НАЧАЛО БОРЬБЫ С ЛИТВОЮ
На печатях Симеона Гордого впервые читаем: «Печать князя великого Семенова всея Руси», тогда как отец его Иван Калита называл себя на печатях только великим князем. До этого титул «всея Руси» относился к русским митрополитам. Во времена Симеона Гордого закрепилось положение Москвы как церковной и светской столицы «всея Руси». Политика Симеона привела его к столкновению с литовскими князьями, также стремившимися получить преобладание в русских землях, действовавшими планомерно и последовательно.
После захвата Ржева и Брянска литовские владения подошли непосредственно к московским пределам, сомкнувшись с границами Рязанского и Тверского княжеств. Почти в литовском окружении оказалось Смоленское княжество. Постепенное присоединение русских земель к Литовскому великому княжеству ставило на очередь вопрос о самостоятельном существовании Северо-Восточной Руси, раздробленной между отдельными княжествами.

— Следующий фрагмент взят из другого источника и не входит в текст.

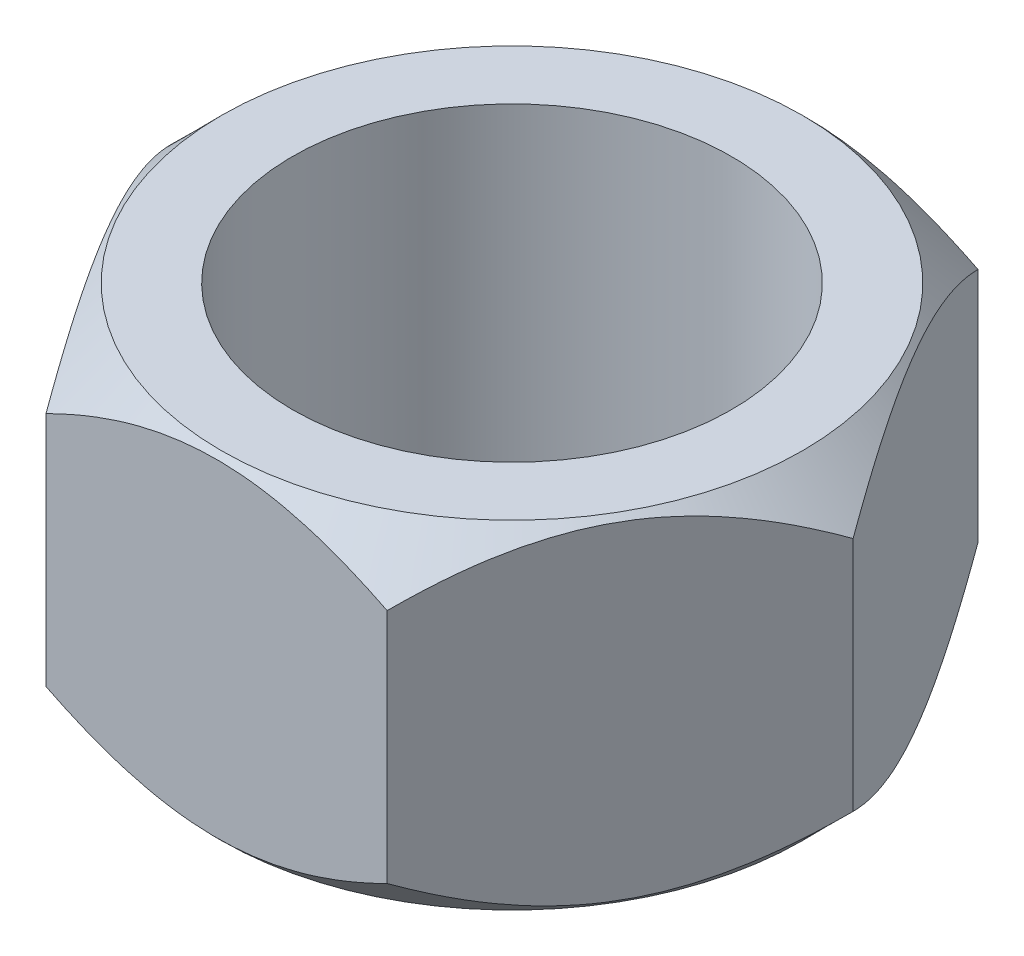
ISO-10303-21;
HEADER;
FILE_DESCRIPTION(('STEP AP214'),'2;1');
FILE_NAME('part.step','',(''),(''),'','','');
FILE_SCHEMA(('AUTOMOTIVE_DESIGN { 1 0 10303 214 1 1 1 1 }'));
ENDSEC;
DATA;
#1=APPLICATION_CONTEXT('core data for automotive mechanical design processes');
#2=APPLICATION_PROTOCOL_DEFINITION('international standard','automotive_design',2000,#1);
#3=PRODUCT_CONTEXT('',#1,'mechanical');
#4=PRODUCT('Part','Part','',(#3));
#5=PRODUCT_RELATED_PRODUCT_CATEGORY('part','',(#4));
#6=PRODUCT_DEFINITION_FORMATION('','',#4);
#7=PRODUCT_DEFINITION_CONTEXT('part definition',#1,'design');
#8=PRODUCT_DEFINITION('design','',#6,#7);
#9=PRODUCT_DEFINITION_SHAPE('','',#8);
#10=(LENGTH_UNIT() NAMED_UNIT(*) SI_UNIT(.MILLI.,.METRE.));
#11=(NAMED_UNIT(*) PLANE_ANGLE_UNIT() SI_UNIT($,.RADIAN.));
#12=(NAMED_UNIT(*) SI_UNIT($,.STERADIAN.) SOLID_ANGLE_UNIT());
#13=UNCERTAINTY_MEASURE_WITH_UNIT(LENGTH_MEASURE(1.E-05),#10,'distance_accuracy_value','');
#14=(GEOMETRIC_REPRESENTATION_CONTEXT(3) GLOBAL_UNCERTAINTY_ASSIGNED_CONTEXT((#13)) GLOBAL_UNIT_ASSIGNED_CONTEXT((#10,
#11,#12)) REPRESENTATION_CONTEXT('',''));
#15=CARTESIAN_POINT('',(0.,0.,0.));
#16=DIRECTION('',(0.,0.,1.));
#17=DIRECTION('',(1.,0.,0.));
#18=AXIS2_PLACEMENT_3D('',#15,#16,#17);
#19=CARTESIAN_POINT('',(0.,0.,0.));
#20=DIRECTION('',(0.,1.,0.));
#21=DIRECTION('',(0.,0.,1.));
#22=AXIS2_PLACEMENT_3D('',#19,#20,#21);
#23=PLANE('',#22);
#24=CARTESIAN_POINT('',(0.,0.,0.));
#25=DIRECTION('',(0.,1.,0.));
#26=DIRECTION('',(0.,0.,1.));
#27=AXIS2_PLACEMENT_3D('',#24,#25,#26);
#28=CIRCLE('',#27,0.13);
#29=CARTESIAN_POINT('',(0.,0.,0.13));
#30=VERTEX_POINT('',#29);
#31=EDGE_CURVE('E204',#30,#30,#28,.T.);
#32=ORIENTED_EDGE('',*,*,#31,.T.);
#33=EDGE_LOOP('',(#32));
#34=FACE_BOUND('',#33,.T.);
#35=CARTESIAN_POINT('',(0.,0.,0.));
#36=DIRECTION('',(0.,1.,0.));
#37=DIRECTION('',(-1.,0.,0.));
#38=AXIS2_PLACEMENT_3D('',#35,#36,#37);
#39=CIRCLE('',#38,0.172072594216369);
#40=CARTESIAN_POINT('',(-0.172072594216369,0.,0.));
#41=VERTEX_POINT('',#40);
#42=EDGE_CURVE('E220',#41,#41,#39,.T.);
#43=ORIENTED_EDGE('',*,*,#42,.F.);
#44=EDGE_LOOP('',(#43));
#45=FACE_BOUND('',#44,.T.);
#46=ADVANCED_FACE('F38',(#34,#45),#23,.F.);
#47=CARTESIAN_POINT('',(0.,0.2,0.));
#48=DIRECTION('',(0.,1.,0.));
#49=DIRECTION('',(0.,0.,1.));
#50=AXIS2_PLACEMENT_3D('',#47,#48,#49);
#51=PLANE('',#50);
#52=CARTESIAN_POINT('',(0.,0.2,0.));
#53=DIRECTION('',(0.,1.,0.));
#54=DIRECTION('',(-1.,0.,0.));
#55=AXIS2_PLACEMENT_3D('',#52,#53,#54);
#56=CIRCLE('',#55,0.172072594216369);
#57=CARTESIAN_POINT('',(-0.172072594216369,0.2,0.));
#58=VERTEX_POINT('',#57);
#59=EDGE_CURVE('E218',#58,#58,#56,.T.);
#60=ORIENTED_EDGE('',*,*,#59,.T.);
#61=EDGE_LOOP('',(#60));
#62=FACE_BOUND('',#61,.T.);
#63=CARTESIAN_POINT('',(0.,0.2,0.));
#64=DIRECTION('',(0.,1.,0.));
#65=DIRECTION('',(0.,0.,1.));
#66=AXIS2_PLACEMENT_3D('',#63,#64,#65);
#67=CIRCLE('',#66,0.13);
#68=CARTESIAN_POINT('',(0.,0.2,0.13));
#69=VERTEX_POINT('',#68);
#70=EDGE_CURVE('E205',#69,#69,#67,.T.);
#71=ORIENTED_EDGE('',*,*,#70,.F.);
#72=EDGE_LOOP('',(#71));
#73=FACE_BOUND('',#72,.T.);
#74=ADVANCED_FACE('F228',(#62,#73),#51,.T.);
#75=CARTESIAN_POINT('',(0.,0.2,0.));
#76=DIRECTION('',(0.,-1.,0.));
#77=DIRECTION('',(0.,0.,-1.));
#78=AXIS2_PLACEMENT_3D('',#75,#76,#77);
#79=CYLINDRICAL_SURFACE('',#78,0.13);
#80=ORIENTED_EDGE('',*,*,#70,.T.);
#81=EDGE_LOOP('',(#80));
#82=FACE_BOUND('',#81,.T.);
#83=ORIENTED_EDGE('',*,*,#31,.F.);
#84=EDGE_LOOP('',(#83));
#85=FACE_BOUND('',#84,.T.);
#86=ADVANCED_FACE('F142',(#82,#85),#79,.F.);
#87=CARTESIAN_POINT('',(0.,0.0299999999999999,0.));
#88=DIRECTION('',(0.,1.,0.));
#89=DIRECTION('',(-1.,0.,0.));
#90=AXIS2_PLACEMENT_3D('',#87,#88,#89);
#91=CONICAL_SURFACE('',#90,0.202072594216369,0.785398163397448);
#92=ORIENTED_EDGE('',*,*,#42,.T.);
#93=EDGE_LOOP('',(#92));
#94=FACE_BOUND('',#93,.T.);
#95=CARTESIAN_POINT('',(0.100920827054347,0.0301155689716211,-0.1752));
#96=CARTESIAN_POINT('',(0.104405260292326,0.0266353582002988,-0.169164784596238));
#97=CARTESIAN_POINT('',(0.107940762481044,0.0233561607693213,-0.163041115175108));
#98=CARTESIAN_POINT('',(0.115150475075317,0.0173509339832807,-0.150553526653857));
#99=CARTESIAN_POINT('',(0.11882537719765,0.0146282605899539,-0.144188409465133));
#100=CARTESIAN_POINT('',(0.129910950638422,0.00767257771140516,-0.124987633034681));
#101=CARTESIAN_POINT('',(0.137513721713938,0.0045071943387307,-0.111819247253572));
#102=CARTESIAN_POINT('',(0.150669909642199,0.00259198694259955,-0.0890320613278999));
#103=CARTESIAN_POINT('',(0.156187174943197,0.00283778648731033,-0.0794758775077346));
#104=CARTESIAN_POINT('',(0.167108928671852,0.00533803336826408,-0.0605588451419487));
#105=CARTESIAN_POINT('',(0.172513235467859,0.00759549393812473,-0.0511983111915746));
#106=CARTESIAN_POINT('',(0.182020226447782,0.0130527175286839,-0.0347317197872495));
#107=CARTESIAN_POINT('',(0.186166077345752,0.0159716193201154,-0.0275508953913604));
#108=CARTESIAN_POINT('',(0.194294770665068,0.0225492282802671,-0.0134715855631591));
#109=CARTESIAN_POINT('',(0.198278093053296,0.0262055337725978,-0.00657226880382148));
#110=CARTESIAN_POINT('',(0.202188064270427,0.0301155689700877,0.000200000000381542));
#111=B_SPLINE_CURVE_WITH_KNOTS('',3,(#95,#96,#97,#98,#99,#100,#101,#102,#103,#104,#105,#106,
#107,#108,#109,#110),.UNSPECIFIED.,.F.,.F.,(4,2,2,2,2,2,2,4),(0.,0.0233618368538911,
0.0468606447753589,0.0929709001337303,0.125885794260102,0.158850074087303,0.185183994279811,
0.211433492833064),.UNSPECIFIED.);
#112=CARTESIAN_POINT('',(0.101036297108185,0.03,-0.175));
#113=VERTEX_POINT('',#112);
#114=CARTESIAN_POINT('',(0.202072594216369,0.03,0.));
#115=VERTEX_POINT('',#114);
#116=EDGE_CURVE('E67',#113,#115,#111,.T.);
#117=ORIENTED_EDGE('',*,*,#116,.T.);
#118=CARTESIAN_POINT('',(0.202188064270207,0.0301155689716211,-0.000199999999999958));
#119=CARTESIAN_POINT('',(0.198703631032227,0.0266353582002988,0.00583521540376227));
#120=CARTESIAN_POINT('',(0.19516812884351,0.0233561607693213,0.0119588848248919));
#121=CARTESIAN_POINT('',(0.187958416249237,0.0173509339832807,0.0244464733461427));
#122=CARTESIAN_POINT('',(0.184283514126903,0.0146282605899538,0.0308115905348667));
#123=CARTESIAN_POINT('',(0.173197940686131,0.00767257771140512,0.0500123669653195));
#124=CARTESIAN_POINT('',(0.165595169610616,0.00450719433873066,0.0631807527464283));
#125=CARTESIAN_POINT('',(0.152438981682355,0.0025919869425995,0.0859679386721));
#126=CARTESIAN_POINT('',(0.146921716381357,0.00283778648731028,0.0955241224922653));
#127=CARTESIAN_POINT('',(0.135999962652701,0.00533803336826401,0.114441154858051));
#128=CARTESIAN_POINT('',(0.130595655856694,0.00759549393812464,0.123801688808425));
#129=CARTESIAN_POINT('',(0.121088664876772,0.0130527175286839,0.14026828021275));
#130=CARTESIAN_POINT('',(0.116942813978802,0.0159716193201153,0.14744910460864));
#131=CARTESIAN_POINT('',(0.108814120659485,0.022549228280267,0.161528414436841));
#132=CARTESIAN_POINT('',(0.104830798271257,0.0262055337725977,0.168427731196178));
#133=CARTESIAN_POINT('',(0.100920827054126,0.0301155689700876,0.175200000000381));
#134=B_SPLINE_CURVE_WITH_KNOTS('',3,(#118,#119,#120,#121,#122,#123,#124,#125,#126,#127,#128,
#129,#130,#131,#132,#133),.UNSPECIFIED.,.F.,.F.,(4,2,2,2,2,2,2,4),(0.,0.0233618368538911,
0.0468606447753589,0.0929709001337303,0.125885794260102,0.158850074087303,0.185183994279811,
0.211433492833064),.UNSPECIFIED.);
#135=CARTESIAN_POINT('',(0.101036297108184,0.03,0.175));
#136=VERTEX_POINT('',#135);
#137=EDGE_CURVE('E53',#115,#136,#134,.T.);
#138=ORIENTED_EDGE('',*,*,#137,.T.);
#139=CARTESIAN_POINT('',(0.305523676388779,0.180020741185077,0.175));
#140=CARTESIAN_POINT('',(0.296489908838128,0.172183831382913,0.175));
#141=CARTESIAN_POINT('',(0.287415146295134,0.164392967909618,0.175));
#142=CARTESIAN_POINT('',(0.269154387743842,0.148934007099863,0.175));
#143=CARTESIAN_POINT('',(0.259968341025768,0.141265969735403,0.175));
#144=CARTESIAN_POINT('',(0.231792912014466,0.118159352301111,0.175));
#145=CARTESIAN_POINT('',(0.212593498149154,0.102976933592517,0.175));
#146=CARTESIAN_POINT('',(0.173225826261024,0.0737968112831862,0.175));
#147=CARTESIAN_POINT('',(0.153056247455228,0.0598007987664811,0.175));
#148=CARTESIAN_POINT('',(0.121625871967723,0.0408846564593254,0.175));
#149=CARTESIAN_POINT('',(0.11099252232747,0.0349428850748384,0.175));
#150=CARTESIAN_POINT('',(0.0892065324424293,0.0241236116347811,0.175));
#151=CARTESIAN_POINT('',(0.0780548914239592,0.0192441570129829,0.175));
#152=CARTESIAN_POINT('',(0.0548893532905646,0.0110090414325916,0.175));
#153=CARTESIAN_POINT('',(0.0428618105988857,0.00768961095311468,0.175));
#154=CARTESIAN_POINT('',(0.0184374809922964,0.00349261265701018,0.175));
#155=CARTESIAN_POINT('',(0.00604375843554659,0.0025986056139428,0.175));
#156=CARTESIAN_POINT('',(-0.0186589035579445,0.00348347437230432,0.175));
#157=CARTESIAN_POINT('',(-0.0309676778388246,0.0052665811470203,0.175));
#158=CARTESIAN_POINT('',(-0.0551218355376362,0.0110204288976895,0.175));
#159=CARTESIAN_POINT('',(-0.0669628912364721,0.0150080075104535,0.175));
#160=CARTESIAN_POINT('',(-0.0925903967170618,0.025491312778155,0.175));
#161=CARTESIAN_POINT('',(-0.10622239796311,0.0323479327338906,0.175));
#162=CARTESIAN_POINT('',(-0.13278508300803,0.0473282769905635,0.175));
#163=CARTESIAN_POINT('',(-0.145713884757196,0.0554551958902634,0.175));
#164=CARTESIAN_POINT('',(-0.171116757407901,0.0725030550642842,0.175));
#165=CARTESIAN_POINT('',(-0.183588422373837,0.081427526652935,0.175));
#166=CARTESIAN_POINT('',(-0.208171534529213,0.0997613344596471,0.175));
#167=CARTESIAN_POINT('',(-0.220282872493366,0.109170815382806,0.175));
#168=CARTESIAN_POINT('',(-0.244773267048622,0.128729600372015,0.175));
#169=CARTESIAN_POINT('',(-0.257140782569692,0.138893253718197,0.175));
#170=CARTESIAN_POINT('',(-0.281533947754554,0.15935584068324,0.175));
#171=CARTESIAN_POINT('',(-0.293561858362561,0.169652072271717,0.175));
#172=CARTESIAN_POINT('',(-0.305523676388794,0.180020741185058,0.175));
#173=B_SPLINE_CURVE_WITH_KNOTS('',3,(#139,#140,#141,#142,#143,#144,#145,#146,#147,#148,#149,
#150,#151,#152,#153,#154,#155,#156,#157,#158,#159,#160,#161,#162,#163,#164,#165,#166,#167,#168,
#169,#170,#171,#172),.UNSPECIFIED.,.F.,.F.,(4,2,2,2,2,2,2,2,2,2,2,2,2,2,2,2,4),(0.,
0.0358791858717531,0.0717753868661951,0.145194810618015,0.218717184603454,0.255222439137126,
0.291660018720837,0.328906459590412,0.365899810358558,0.402951687859046,0.440290555644728,
0.485949579311968,0.531725332469435,0.577714888588237,0.623718246264904,0.671738421373986,
0.719232498658548),.UNSPECIFIED.);
#174=CARTESIAN_POINT('',(-0.101036297108185,0.0299999999999999,0.175));
#175=VERTEX_POINT('',#174);
#176=EDGE_CURVE('E101',#136,#175,#173,.T.);
#177=ORIENTED_EDGE('',*,*,#176,.T.);
#178=CARTESIAN_POINT('',(-0.100920827054347,0.030115568971621,0.1752));
#179=CARTESIAN_POINT('',(-0.104405260292326,0.0266353582002987,0.169164784596238));
#180=CARTESIAN_POINT('',(-0.107940762481044,0.0233561607693212,0.163041115175108));
#181=CARTESIAN_POINT('',(-0.115150475075317,0.0173509339832806,0.150553526653857));
#182=CARTESIAN_POINT('',(-0.11882537719765,0.0146282605899538,0.144188409465133));
#183=CARTESIAN_POINT('',(-0.129910950638422,0.00767257771140507,0.12498763303468));
#184=CARTESIAN_POINT('',(-0.137513721713938,0.00450719433873059,0.111819247253572));
#185=CARTESIAN_POINT('',(-0.150669909642199,0.00259198694259942,0.0890320613278999));
#186=CARTESIAN_POINT('',(-0.156187174943197,0.00283778648731021,0.0794758775077346));
#187=CARTESIAN_POINT('',(-0.167108928671852,0.00533803336826396,0.0605588451419486));
#188=CARTESIAN_POINT('',(-0.172513235467859,0.0075954939381246,0.0511983111915746));
#189=CARTESIAN_POINT('',(-0.182020226447782,0.0130527175286838,0.0347317197872494));
#190=CARTESIAN_POINT('',(-0.186166077345752,0.0159716193201152,0.0275508953913604));
#191=CARTESIAN_POINT('',(-0.194294770665068,0.022549228280267,0.0134715855631591));
#192=CARTESIAN_POINT('',(-0.198278093053296,0.0262055337725976,0.00657226880382153));
#193=CARTESIAN_POINT('',(-0.202188064270427,0.0301155689700875,-0.000200000000381459));
#194=B_SPLINE_CURVE_WITH_KNOTS('',3,(#178,#179,#180,#181,#182,#183,#184,#185,#186,#187,#188,
#189,#190,#191,#192,#193),.UNSPECIFIED.,.F.,.F.,(4,2,2,2,2,2,2,4),(0.,0.0233618368538911,
0.0468606447753589,0.0929709001337303,0.125885794260102,0.158850074087303,0.185183994279811,
0.211433492833064),.UNSPECIFIED.);
#195=CARTESIAN_POINT('',(-0.202072594216369,0.0299999999999998,0.));
#196=VERTEX_POINT('',#195);
#197=EDGE_CURVE('E95',#175,#196,#194,.T.);
#198=ORIENTED_EDGE('',*,*,#197,.T.);
#199=CARTESIAN_POINT('',(-0.202188064270207,0.0301155689716209,0.000200000000000051));
#200=CARTESIAN_POINT('',(-0.198703631032227,0.0266353582002986,-0.00583521540376216));
#201=CARTESIAN_POINT('',(-0.19516812884351,0.0233561607693211,-0.0119588848248918));
#202=CARTESIAN_POINT('',(-0.187958416249237,0.0173509339832805,-0.0244464733461426));
#203=CARTESIAN_POINT('',(-0.184283514126903,0.0146282605899537,-0.0308115905348666));
#204=CARTESIAN_POINT('',(-0.173197940686132,0.00767257771140499,-0.0500123669653194));
#205=CARTESIAN_POINT('',(-0.165595169610616,0.00450719433873053,-0.0631807527464281));
#206=CARTESIAN_POINT('',(-0.152438981682355,0.00259198694259934,-0.0859679386720999));
#207=CARTESIAN_POINT('',(-0.146921716381357,0.00283778648731011,-0.0955241224922651));
#208=CARTESIAN_POINT('',(-0.135999962652702,0.00533803336826384,-0.114441154858051));
#209=CARTESIAN_POINT('',(-0.130595655856694,0.00759549393812448,-0.123801688808425));
#210=CARTESIAN_POINT('',(-0.121088664876772,0.0130527175286837,-0.14026828021275));
#211=CARTESIAN_POINT('',(-0.116942813978802,0.0159716193201151,-0.147449104608639));
#212=CARTESIAN_POINT('',(-0.108814120659486,0.0225492282802669,-0.161528414436841));
#213=CARTESIAN_POINT('',(-0.104830798271257,0.0262055337725976,-0.168427731196178));
#214=CARTESIAN_POINT('',(-0.100920827054126,0.0301155689700875,-0.175200000000381));
#215=B_SPLINE_CURVE_WITH_KNOTS('',3,(#199,#200,#201,#202,#203,#204,#205,#206,#207,#208,#209,
#210,#211,#212,#213,#214),.UNSPECIFIED.,.F.,.F.,(4,2,2,2,2,2,2,4),(0.,0.0233618368538911,
0.0468606447753588,0.0929709001337301,0.125885794260101,0.158850074087303,0.185183994279811,
0.211433492833064),.UNSPECIFIED.);
#216=CARTESIAN_POINT('',(-0.101036297108184,0.0299999999999999,-0.175));
#217=VERTEX_POINT('',#216);
#218=EDGE_CURVE('E98',#196,#217,#215,.T.);
#219=ORIENTED_EDGE('',*,*,#218,.T.);
#220=CARTESIAN_POINT('',(-0.305523676388779,0.180020741185077,-0.175));
#221=CARTESIAN_POINT('',(-0.296489908838128,0.172183831382913,-0.175));
#222=CARTESIAN_POINT('',(-0.287415146295134,0.164392967909618,-0.175));
#223=CARTESIAN_POINT('',(-0.269154387743842,0.148934007099863,-0.175));
#224=CARTESIAN_POINT('',(-0.259968341025768,0.141265969735403,-0.175));
#225=CARTESIAN_POINT('',(-0.231792912014466,0.118159352301111,-0.175));
#226=CARTESIAN_POINT('',(-0.212593498149154,0.102976933592516,-0.175));
#227=CARTESIAN_POINT('',(-0.173225826261024,0.073796811283186,-0.175));
#228=CARTESIAN_POINT('',(-0.153056247455228,0.059800798766481,-0.175));
#229=CARTESIAN_POINT('',(-0.121625871967723,0.0408846564593253,-0.175));
#230=CARTESIAN_POINT('',(-0.11099252232747,0.0349428850748383,-0.175));
#231=CARTESIAN_POINT('',(-0.0892065324424293,0.024123611634781,-0.175));
#232=CARTESIAN_POINT('',(-0.0780548914239592,0.0192441570129828,-0.175));
#233=CARTESIAN_POINT('',(-0.0548893532905645,0.0110090414325915,-0.175));
#234=CARTESIAN_POINT('',(-0.0428618105988856,0.00768961095311462,-0.175));
#235=CARTESIAN_POINT('',(-0.0184374809922963,0.00349261265701016,-0.175));
#236=CARTESIAN_POINT('',(-0.00604375843554655,0.00259860561394281,-0.175));
#237=CARTESIAN_POINT('',(0.0186589035579445,0.00348347437230435,-0.175));
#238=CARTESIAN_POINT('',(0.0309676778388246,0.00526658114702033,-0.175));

В середине XIV в. литовские владения приблизились к московским рубежам, соседившим с землями по верховью Оки, где мелкие русские княжества быстро делались вассалами литовского великого князя. На литовском престоле в это время сидел замечательный полководец и политик Ольгерд Гедиминович. «Не токмо силою,- говорит о нем летописец,- елико умением воеваше».